Dallas (6-2) has not lost to Memphis (2-6) since a 112-92 defeat on Nov. 26, 2005. The streak also includes a first-round sweep in the 2006 Western Conference playoffs. 

Mavericks star Dirk Nowitzki had a double-double in each matchup last season, averaging 28.5 points and 11.0 rebounds as Dallas swept the four-game season series from Memphis. Grizzlies power forward Pau Gasol missed the first two meetings with a broken foot, and averaged 21.0 points and 10.0 rebounds in the other two. 

But Nowitzki is off to a slow start, as the reigning league MVP is third on the team with 19.6 points per game. That hasn't stopped the Mavericks from getting off to a 4-0 start at home. 


Dallas posted its most impressive victory of the season, 105-92 over San Antonio on Thursday. The Mavericks built a 15-point lead after one quarter and held off a series of runs by the defending NBA champions. 

"We were ready to come out and play," said Mavs guard Josh Howard, who scored a team-high 23 points. "We played really great individual defense and team defense." 

Devin Harris scored 18 points and helped limit San Antonio point guard Tony Parker to a season-low seven on 1-of-11 shooting from the floor. Harris also had three of Dallas' season-high 11 steals. 

"I did my best to keep him in front of me," Harris told the Mavs' official Web site. "It's not an easy job." 

Second-year guard Maurice Ager made his second career start and first of the season, finishing with five points, three assists and two rebounds in 21 minutes. Coach Avery Johnson wants to see if Ager can fill the role left behind by the injured Eddie Jones. 

"It felt great," Ager said. "I've been waiting my whole life for the opportunity to do this." 

The Grizzlies have lost four of five overall, and three straight on the road. They wasted eight 3-pointers and 28 points off the bench from Juan Carlos Navarro in a 120-118 overtime loss to New Orleans on Friday. 

Navarro, a Spaniard in his first season in the NBA, had seen sporadic playing time in his first seven games and scored a total of 30 points. He took advantage of a season-high 33 minutes Friday to make 10-of-16 shots, while missing only one 3-point attempt. 

"I'm happy for my game, for my feeling, but if we lose, it doesn't matter," Navarro said. "The rim was very big for me. Some days it's very big; some days it's small." 

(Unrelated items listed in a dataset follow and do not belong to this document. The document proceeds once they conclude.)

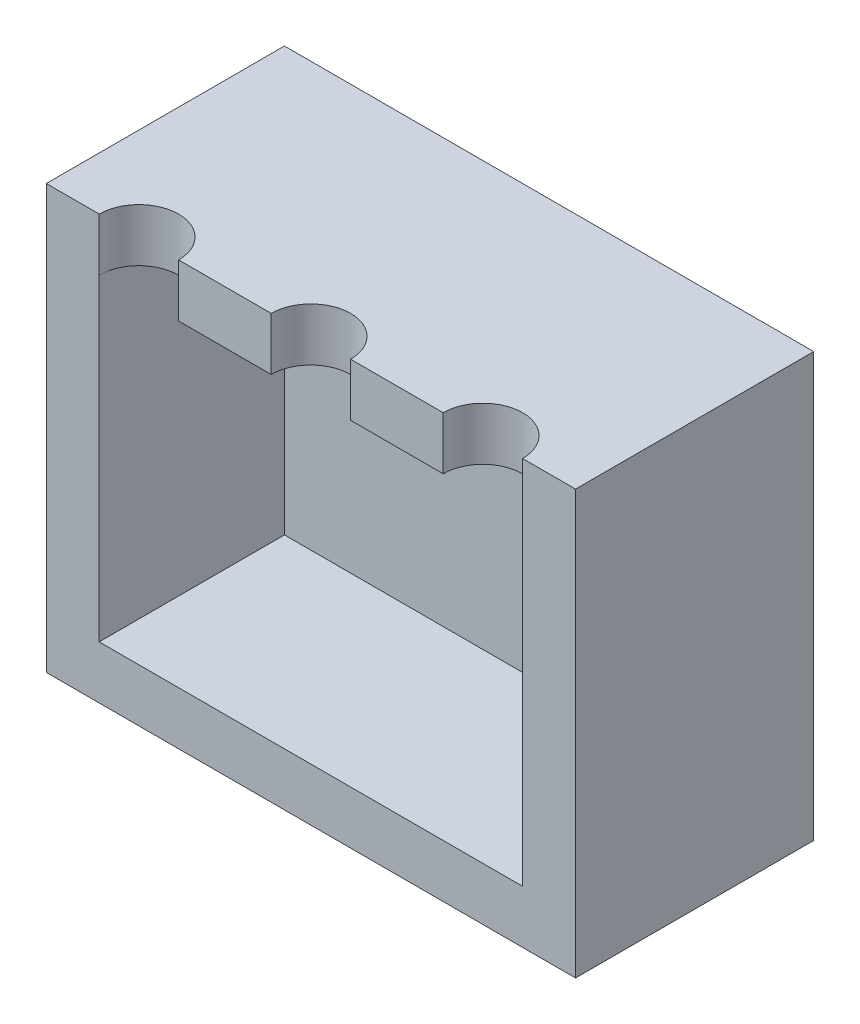
ISO-10303-21;
HEADER;
FILE_DESCRIPTION(('STEP AP214'),'2;1');
FILE_NAME('part.step','',(''),(''),'','','');
FILE_SCHEMA(('AUTOMOTIVE_DESIGN { 1 0 10303 214 1 1 1 1 }'));
ENDSEC;
DATA;
#1=APPLICATION_CONTEXT('core data for automotive mechanical design processes');
#2=APPLICATION_PROTOCOL_DEFINITION('international standard','automotive_design',2000,#1);
#3=PRODUCT_CONTEXT('',#1,'mechanical');
#4=PRODUCT('Part','Part','',(#3));
#5=PRODUCT_RELATED_PRODUCT_CATEGORY('part','',(#4));
#6=PRODUCT_DEFINITION_FORMATION('','',#4);
#7=PRODUCT_DEFINITION_CONTEXT('part definition',#1,'design');
#8=PRODUCT_DEFINITION('design','',#6,#7);
#9=PRODUCT_DEFINITION_SHAPE('','',#8);
#10=(LENGTH_UNIT() NAMED_UNIT(*) SI_UNIT(.MILLI.,.METRE.));
#11=(NAMED_UNIT(*) PLANE_ANGLE_UNIT() SI_UNIT($,.RADIAN.));
#12=(NAMED_UNIT(*) SI_UNIT($,.STERADIAN.) SOLID_ANGLE_UNIT());
#13=UNCERTAINTY_MEASURE_WITH_UNIT(LENGTH_MEASURE(1.E-05),#10,'distance_accuracy_value','');
#14=(GEOMETRIC_REPRESENTATION_CONTEXT(3) GLOBAL_UNCERTAINTY_ASSIGNED_CONTEXT((#13)) GLOBAL_UNIT_ASSIGNED_CONTEXT((#10,
#11,#12)) REPRESENTATION_CONTEXT('',''));
#15=CARTESIAN_POINT('',(0.,0.,0.));
#16=DIRECTION('',(0.,0.,1.));
#17=DIRECTION('',(1.,0.,0.));
#18=AXIS2_PLACEMENT_3D('',#15,#16,#17);
#19=CARTESIAN_POINT('',(0.,0.,9.));
#20=DIRECTION('',(0.,0.,-1.));
#21=DIRECTION('',(-1.,0.,0.));
#22=AXIS2_PLACEMENT_3D('',#19,#20,#21);
#23=PLANE('',#22);
#24=DIRECTION('',(0.,-1.,0.));
#25=VECTOR('',#24,1.);
#26=CARTESIAN_POINT('',(2.,14.,9.));
#27=LINE('',#26,#25);
#28=CARTESIAN_POINT('',(2.,14.,9.));
#29=VERTEX_POINT('',#28);
#30=CARTESIAN_POINT('',(2.,2.,9.));
#31=VERTEX_POINT('',#30);
#32=EDGE_CURVE('E193',#29,#31,#27,.T.);
#33=ORIENTED_EDGE('',*,*,#32,.F.);
#34=DIRECTION('',(0.,1.,0.));
#35=VECTOR('',#34,1.);
#36=CARTESIAN_POINT('',(2.,9.,9.));
#37=LINE('',#36,#35);
#38=CARTESIAN_POINT('',(2.,16.,9.));
#39=VERTEX_POINT('',#38);
#40=EDGE_CURVE('E195',#29,#39,#37,.T.);
#41=ORIENTED_EDGE('',*,*,#40,.T.);
#42=DIRECTION('',(-1.,0.,0.));
#43=VECTOR('',#42,1.);
#44=CARTESIAN_POINT('',(0.,16.,9.));
#45=LINE('',#44,#43);
#46=CARTESIAN_POINT('',(0.,16.,9.));
#47=VERTEX_POINT('',#46);
#48=EDGE_CURVE('E155',#39,#47,#45,.T.);
#49=ORIENTED_EDGE('',*,*,#48,.T.);
#50=DIRECTION('',(0.,-1.,0.));
#51=VECTOR('',#50,1.);
#52=CARTESIAN_POINT('',(0.,0.,9.));
#53=LINE('',#52,#51);
#54=CARTESIAN_POINT('',(0.,0.,9.));
#55=VERTEX_POINT('',#54);
#56=EDGE_CURVE('E167',#47,#55,#53,.T.);
#57=ORIENTED_EDGE('',*,*,#56,.T.);
#58=DIRECTION('',(1.,0.,0.));
#59=VECTOR('',#58,1.);
#60=CARTESIAN_POINT('',(0.,0.,9.));
#61=LINE('',#60,#59);
#62=CARTESIAN_POINT('',(20.,0.,9.));
#63=VERTEX_POINT('',#62);
#64=EDGE_CURVE('E166',#55,#63,#61,.T.);
#65=ORIENTED_EDGE('',*,*,#64,.T.);
#66=DIRECTION('',(0.,1.,0.));
#67=VECTOR('',#66,1.);
#68=CARTESIAN_POINT('',(20.,0.,9.));
#69=LINE('',#68,#67);
#70=CARTESIAN_POINT('',(20.,16.,9.));
#71=VERTEX_POINT('',#70);
#72=EDGE_CURVE('E151',#63,#71,#69,.T.);
#73=ORIENTED_EDGE('',*,*,#72,.T.);
#74=CARTESIAN_POINT('',(18.,16.,9.));
#75=VERTEX_POINT('',#74);
#76=EDGE_CURVE('E143',#71,#75,#45,.T.);
#77=ORIENTED_EDGE('',*,*,#76,.T.);
#78=DIRECTION('',(0.,1.,0.));
#79=VECTOR('',#78,1.);
#80=CARTESIAN_POINT('',(18.,9.,9.));
#81=LINE('',#80,#79);
#82=CARTESIAN_POINT('',(18.,14.,9.));
#83=VERTEX_POINT('',#82);
#84=EDGE_CURVE('E127',#75,#83,#81,.F.);
#85=ORIENTED_EDGE('',*,*,#84,.T.);
#86=DIRECTION('',(0.,1.,0.));
#87=VECTOR('',#86,1.);
#88=CARTESIAN_POINT('',(18.,14.,9.));
#89=LINE('',#88,#87);
#90=CARTESIAN_POINT('',(18.,2.,9.));
#91=VERTEX_POINT('',#90);
#92=EDGE_CURVE('E188',#91,#83,#89,.T.);
#93=ORIENTED_EDGE('',*,*,#92,.F.);
#94=DIRECTION('',(1.,0.,0.));
#95=VECTOR('',#94,1.);
#96=CARTESIAN_POINT('',(2.,2.,9.));
#97=LINE('',#96,#95);
#98=EDGE_CURVE('E190',#31,#91,#97,.T.);
#99=ORIENTED_EDGE('',*,*,#98,.F.);
#100=EDGE_LOOP('',(#33,#41,#49,#57,#65,#73,#77,#85,#93,#99));
#101=FACE_BOUND('',#100,.T.);
#102=ADVANCED_FACE('F33',(#101),#23,.F.);
#103=CARTESIAN_POINT('',(8.49999999999999,16.,9.));
#104=VERTEX_POINT('',#103);
#105=CARTESIAN_POINT('',(5.,16.,9.));
#106=VERTEX_POINT('',#105);
#107=EDGE_CURVE('E159',#104,#106,#45,.T.);
#108=ORIENTED_EDGE('',*,*,#107,.T.);
#109=DIRECTION('',(0.,1.,0.));
#110=VECTOR('',#109,1.);
#111=CARTESIAN_POINT('',(5.,9.,9.));
#112=LINE('',#111,#110);
#113=CARTESIAN_POINT('',(5.,14.,9.));
#114=VERTEX_POINT('',#113);
#115=EDGE_CURVE('E208',#106,#114,#112,.F.);
#116=ORIENTED_EDGE('',*,*,#115,.T.);
#117=DIRECTION('',(-1.,0.,0.));
#118=VECTOR('',#117,1.);
#119=CARTESIAN_POINT('',(2.,14.,9.));
#120=LINE('',#119,#118);
#121=CARTESIAN_POINT('',(8.49999999999999,14.,9.));
#122=VERTEX_POINT('',#121);
#123=EDGE_CURVE('E184',#122,#114,#120,.T.);
#124=ORIENTED_EDGE('',*,*,#123,.F.);
#125=DIRECTION('',(0.,1.,0.));
#126=VECTOR('',#125,1.);
#127=CARTESIAN_POINT('',(8.49999999999999,9.,9.));
#128=LINE('',#127,#126);
#129=EDGE_CURVE('E48',#122,#104,#128,.T.);
#130=ORIENTED_EDGE('',*,*,#129,.T.);
#131=EDGE_LOOP('',(#108,#116,#124,#130));
#132=FACE_BOUND('',#131,.T.);
#133=ADVANCED_FACE('F252',(#132),#23,.F.);
#134=CARTESIAN_POINT('',(0.,0.,9.));
#135=DIRECTION('',(1.,0.,0.));
#136=DIRECTION('',(0.,1.,0.));
#137=AXIS2_PLACEMENT_3D('',#134,#135,#136);
#138=PLANE('',#137);
#139=DIRECTION('',(0.,-1.,0.));
#140=VECTOR('',#139,1.);
#141=CARTESIAN_POINT('',(0.,0.,0.));
#142=LINE('',#141,#140);
#143=CARTESIAN_POINT('',(0.,16.,0.));
#144=VERTEX_POINT('',#143);
#145=CARTESIAN_POINT('',(0.,0.,0.));
#146=VERTEX_POINT('',#145);
#147=EDGE_CURVE('E183',#144,#146,#142,.T.);
#148=ORIENTED_EDGE('',*,*,#147,.T.);
#149=DIRECTION('',(0.,0.,-1.));
#150=VECTOR('',#149,1.);
#151=CARTESIAN_POINT('',(0.,0.,9.));
#152=LINE('',#151,#150);
#153=EDGE_CURVE('E231',#55,#146,#152,.T.);
#154=ORIENTED_EDGE('',*,*,#153,.F.);
#155=ORIENTED_EDGE('',*,*,#56,.F.);
#156=DIRECTION('',(0.,0.,-1.));
#157=VECTOR('',#156,1.);
#158=CARTESIAN_POINT('',(0.,16.,9.));
#159=LINE('',#158,#157);
#160=EDGE_CURVE('E153',#47,#144,#159,.T.);
#161=ORIENTED_EDGE('',*,*,#160,.T.);
#162=EDGE_LOOP('',(#148,#154,#155,#161));
#163=FACE_BOUND('',#162,.T.);
#164=ADVANCED_FACE('F35',(#163),#138,.F.);
#165=CARTESIAN_POINT('',(0.,0.,9.));
#166=DIRECTION('',(0.,1.,0.));
#167=DIRECTION('',(0.,0.,1.));
#168=AXIS2_PLACEMENT_3D('',#165,#166,#167);
#169=PLANE('',#168);
#170=DIRECTION('',(1.,0.,0.));
#171=VECTOR('',#170,1.);
#172=CARTESIAN_POINT('',(0.,0.,0.));
#173=LINE('',#172,#171);
#174=CARTESIAN_POINT('',(20.,0.,0.));
#175=VERTEX_POINT('',#174);
#176=EDGE_CURVE('E237',#146,#175,#173,.T.);
#177=ORIENTED_EDGE('',*,*,#176,.T.);
#178=DIRECTION('',(0.,0.,-1.));
#179=VECTOR('',#178,1.);
#180=CARTESIAN_POINT('',(20.,0.,9.));
#181=LINE('',#180,#179);
#182=EDGE_CURVE('E235',#63,#175,#181,.T.);
#183=ORIENTED_EDGE('',*,*,#182,.F.);
#184=ORIENTED_EDGE('',*,*,#64,.F.);
#185=ORIENTED_EDGE('',*,*,#153,.T.);
#186=EDGE_LOOP('',(#177,#183,#184,#185));
#187=FACE_BOUND('',#186,.T.);
#188=ADVANCED_FACE('F236',(#187),#169,.F.);
#189=CARTESIAN_POINT('',(20.,0.,9.));
#190=DIRECTION('',(-1.,0.,0.));
#191=DIRECTION('',(0.,-1.,0.));
#192=AXIS2_PLACEMENT_3D('',#189,#190,#191);
#193=PLANE('',#192);
#194=DIRECTION('',(0.,1.,0.));
#195=VECTOR('',#194,1.);
#196=CARTESIAN_POINT('',(20.,0.,0.));
#197=LINE('',#196,#195);
#198=CARTESIAN_POINT('',(20.,16.,0.));
#199=VERTEX_POINT('',#198);
#200=EDGE_CURVE('E242',#175,#199,#197,.T.);
#201=ORIENTED_EDGE('',*,*,#200,.T.);
#202=DIRECTION('',(0.,0.,-1.));
#203=VECTOR('',#202,1.);
#204=CARTESIAN_POINT('',(20.,16.,9.));
#205=LINE('',#204,#203);
#206=EDGE_CURVE('E157',#71,#199,#205,.T.);
#207=ORIENTED_EDGE('',*,*,#206,.F.);
#208=ORIENTED_EDGE('',*,*,#72,.F.);
#209=ORIENTED_EDGE('',*,*,#182,.T.);
#210=EDGE_LOOP('',(#201,#207,#208,#209));
#211=FACE_BOUND('',#210,.T.);
#212=ADVANCED_FACE('F241',(#211),#193,.F.);
#213=CARTESIAN_POINT('',(0.,16.,9.));
#214=DIRECTION('',(0.,-1.,0.));
#215=DIRECTION('',(0.,0.,-1.));
#216=AXIS2_PLACEMENT_3D('',#213,#214,#215);
#217=PLANE('',#216);
#218=ORIENTED_EDGE('',*,*,#48,.F.);
#219=CARTESIAN_POINT('',(3.5,16.,9.));
#220=DIRECTION('',(0.,1.,0.));
#221=DIRECTION('',(0.,0.,1.));
#222=AXIS2_PLACEMENT_3D('',#219,#220,#221);
#223=CIRCLE('',#222,1.5);
#224=EDGE_CURVE('E216',#106,#39,#223,.T.);
#225=ORIENTED_EDGE('',*,*,#224,.F.);
#226=ORIENTED_EDGE('',*,*,#107,.F.);
#227=CARTESIAN_POINT('',(10.,16.,9.));
#228=DIRECTION('',(0.,1.,0.));
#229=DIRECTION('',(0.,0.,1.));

Memphis also got 20 points and a 3-pointer that forced overtime from Rudy Gay, but turned in another poor defensive effort. The Grizzlies entered the game ranked second-worst in the league in field-goal percent defense at 48.7 percent and allowed the Hornets to make half of their shots. 



*Starting Lineups*






































*Devin Harris - Maurice Ager - Josh Howard - Dirk Nowitzki - Desagana Diop*

*vs.*





































*Damon Stoudamire - Mike Miller - Rudy Gay - Pau Gasol - Darko Milicic*




*Injuries*

*Mavs:* Devean George (left foot) and Eddie Jones (right leg) are out. 
*Grizzlies:* Brian Cardinal (right knee) is out. 











​


----------



## croco (Feb 14, 2005)

I think these are new pictures ... Devin looks five years older now.


----------



## edwardcyh (Dec 13, 2005)

> "We were ready to come out and play," said Mavs *guard* Josh Howard, who scored a team-high 23 points. "We played really great individual defense and team defense."​


Is that right?


----------



## edwardcyh (Dec 13, 2005)

croco said:


> I think these are new pictures ... Devin looks five years older now.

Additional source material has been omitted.